Very funny is that LyinRyan's "plan" ASSSumes a lower unemployment rate than we have ever had in the history of our country.

This from a man and a party that fights against the creation of jobs.
 
Ryan is standing there dismissing his budget as simply a token to start the process. Let's see how it starts in committee. Suppose to be discussed tomorrow in House Budget Committee.

Questions! He is actually taking question. Wonder how many intro phrases he is going to give them.
 
Get back to us when you have some thoughtful analysis. Bottom line, this current business as usual of tax and spend isn't sustainable except in the mind of the terminally stupid.
 
Paul Ryan has retreated even further into fantasy land. The mystery is, what are his motivations?

That is something I would really like to know. These right wingers get odder as time goes on. I really, really want to know if he believes his own talk. He sat right in committee last year and listen to the argument about cutting the transportation budget in half like it was a insignificant little detail.
 
One liner from Ryan: "Elections have consequences. We're in the majority."
 
Paul Ryan has put a balanced budget on the table, and now he will stand behind it and take questions and punches and kicks to the groin.

Finally, a Republican with some balls.
 
His budget uses the same cuts in medicare he campaigned against and plans to repeal by repppealing "Obamacare".


it still doesnt add up under scrutitny
 
Paul Ryan has retreated even further into fantasy land. The mystery is, what are his motivations?

Good article.

The Ryan budget is about ideology, not finances | Jay Bookman
Again, let’s be clear: The Ryan budget is not a response to our fiscal situation. It uses that situation as an excuse to continue a philosophical debate reaching back at least 80 years in this country, back to the founding of Social Security.

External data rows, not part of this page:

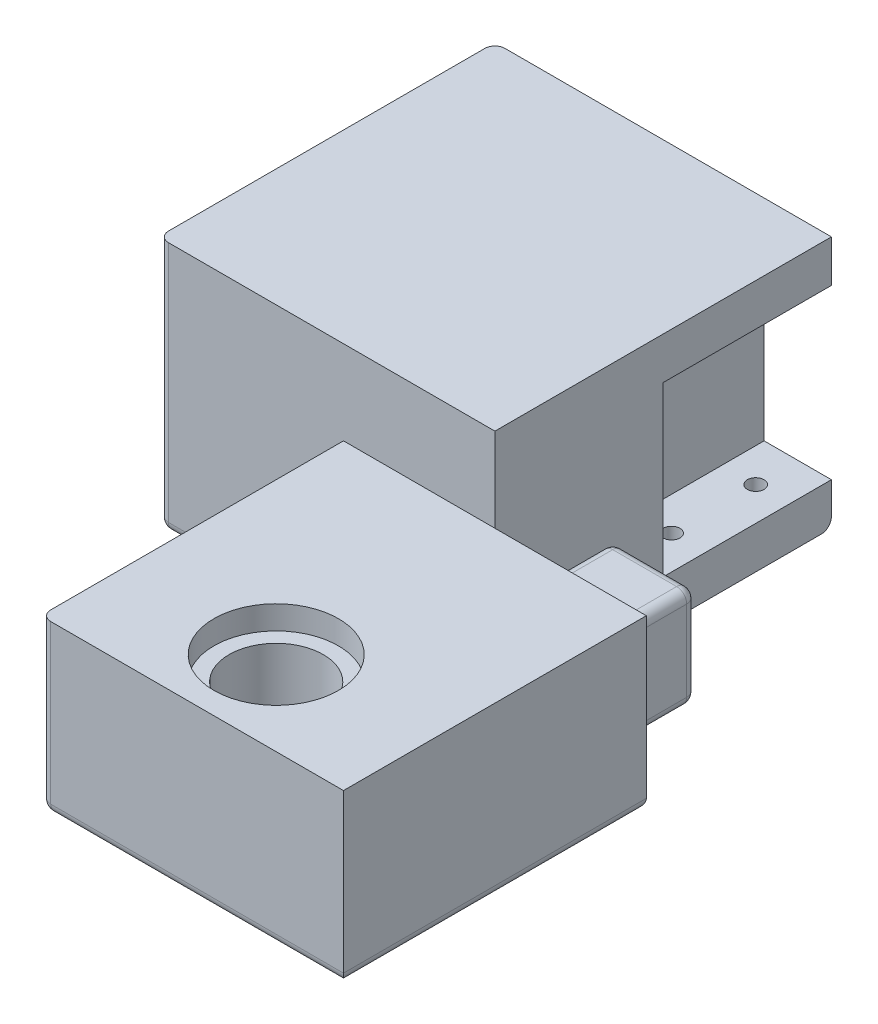
from build123d import *

# Parameters (mm, degrees)
SKETCH1_W           = 100
SKETCH1_H           = 100
BOSS_EXTRUDE1_DEPTH = 50
SKETCH8_W           = 90
SKETCH8_H           = 90
BOSS_EXTRUDE4_DEPTH = 50
SKETCH9_R           = 18.5
CUT_EXTRUDE1_DEPTH  = 7
SKETCH10_R          = 14
CUT_EXTRUDE2_DEPTH  = 25
SKETCH11_W          = 25
SKETCH11_H          = 30
BOSS_EXTRUDE5_DEPTH = 25
SKETCH12_W          = 100
SKETCH12_H          = 100
BOSS_EXTRUDE6_DEPTH = 25
SKETCH13_W          = 20
SKETCH13_H          = 50
CUT_EXTRUDE3_DEPTH  = 50
SKETCH14_R          = 2
CUT_EXTRUDE4_DEPTH  = 15
SKETCH15_R          = 2.5
CUT_EXTRUDE5_DEPTH  = 15
SKETCH16_R          = 3.75
CUT_EXTRUDE6_DEPTH  = 4
FILLET1_R           = 3


with BuildPart() as part:
    # Sketch1 → Boss-Extrude1 (new body)
    with BuildSketch(Plane(origin=(0, 0, 0), x_dir=(1, 0, 0), z_dir=(0, 1, 0))):
        Rectangle(SKETCH1_W, SKETCH1_H)
    extrude(amount=BOSS_EXTRUDE1_DEPTH)

    # Sketch8 → Boss-Extrude4 (add)
    with BuildSketch(Plane(origin=(0, 50, 0), x_dir=(1, 0, 0), z_dir=(0, 1, 0))):
        with Locations((50, -95)):
            Rectangle(SKETCH8_W, SKETCH8_H)
    extrude(amount=-BOSS_EXTRUDE4_DEPTH)

    # Sketch9 → Cut-Extrude1 (cut)
    with BuildSketch(Plane(origin=(0, 50, 0), x_dir=(1, 0, 0), z_dir=(0, 1, 0))):
        with Locations(Location((50, -115, 0), (0, 0, 270))):
            Circle(SKETCH9_R)
    extrude(amount=-CUT_EXTRUDE1_DEPTH, mode=Mode.SUBTRACT)

    # Sketch10 → Cut-Extrude2 (cut)
    with BuildSketch(Plane(origin=(0, 50, 0), x_dir=(1, 0, 0), z_dir=(0, 1, 0))):
        with Locations(Location((50, -115, 0), (0, 0, 270))):
            Circle(SKETCH10_R)
    extrude(amount=-CUT_EXTRUDE2_DEPTH, mode=Mode.SUBTRACT)

    # Sketch11 → Boss-Extrude5 (add)
    with BuildSketch(Plane(origin=(0, 0, 50), x_dir=(-1, 0, 0), z_dir=(0, 0, -1))):
        with Locations((-72.5, 25)):
            Rectangle(SKETCH11_W, SKETCH11_H)
    extrude(amount=BOSS_EXTRUDE5_DEPTH)

    # Sketch12 → Boss-Extrude6 (add)
    with BuildSketch(Plane(origin=(0, 50, 0), x_dir=(1, 0, 0), z_dir=(0, 1, 0))):
        Rectangle(SKETCH12_W, SKETCH12_H)
    extrude(amount=BOSS_EXTRUDE6_DEPTH)

    # Sketch13 → Cut-Extrude3 (cut)
    with BuildSketch(Plane(origin=(0, 0, -50), x_dir=(-1, 0, 0), z_dir=(0, 0, -1))):
        with Locations((-40, 37.5)):
            Rectangle(SKETCH13_W, SKETCH13_H)
    extrude(amount=-CUT_EXTRUDE3_DEPTH, mode=Mode.SUBTRACT)

    # Sketch14 → Cut-Extrude4 (cut)
    with BuildSketch(Plane.XZ.offset(-10)):
        with Locations(Location((72.5, 37.5, 0), (0, 0, 270))):
            Circle(SKETCH14_R)
    extrude(amount=-CUT_EXTRUDE4_DEPTH, mode=Mode.SUBTRACT)

    # Sketch15 → Cut-Extrude5 (cut)
    with BuildSketch(Plane.XZ):
        with Locations(Location((40, -37.5, 0), (0, 0, 270))):
            Circle(SKETCH15_R)
        with Locations((40, -12.5)):
            Circle(SKETCH15_R)
    extrude(amount=-CUT_EXTRUDE5_DEPTH, mode=Mode.SUBTRACT)

    # Sketch16 → Cut-Extrude6 (cut)
    with BuildSketch(Plane.XZ):
        with Locations(Location((40, -12.5, 0), (0, 0, 270))):
            Circle(SKETCH16_R)
        with Locations(Location((40, -37.5, 0), (0, 0, 90))):
            Circle(SKETCH16_R)
    extrude(amount=-CUT_EXTRUDE6_DEPTH, mode=Mode.SUBTRACT)

    # Fillet1
    fillet1_edges = [part.edges().sort_by_distance(p)[0] for p in [
        (5, 25, 140),
        (95, 0, 95),
        (50, 0, 140),
        (5, 0, 95),
        (72.5, 0, 50),
        (60, 10, 37.5),
        (60, 40, 37.5),
        (85, 40, 37.5),
        (85, 10, 37.5),
        (60, 25, 25),
        (72.5, 40, 25),
        (85, 25, 25),
        (72.5, 10, 25),
        (-22.5, 0, 50),
        (-50, 0, 0),
        (0, 0, -50),
        (-50, 37.5, 50),
        (-50, 37.5, -50),
    ]]
    fillet(fillet1_edges, radius=FILLET1_R)


solid = part.part

The Republican Party fought Social Security back then, and since then it has tried repeatedly to kill the program, most recently with President Bush’s effort to privatize it.

“Never in the history of the world has any measure been brought here so insidiously designed as to prevent business recovery, to enslave workers and to prevent any possibility of the employers providing work for the people,” one GOP congressman said in 1935, referring to Social Security. The party’s basic message and rhetoric — government enslavement, economic ruin, etc., — hasn’t changed much since.
 
Paul Ryan has put a balanced budget on the table, and now he will stand behind it and take questions and punches and kicks to the groin.

Finally, a Republican with some balls.

Republicans have always had balls. It's the brains they're missing.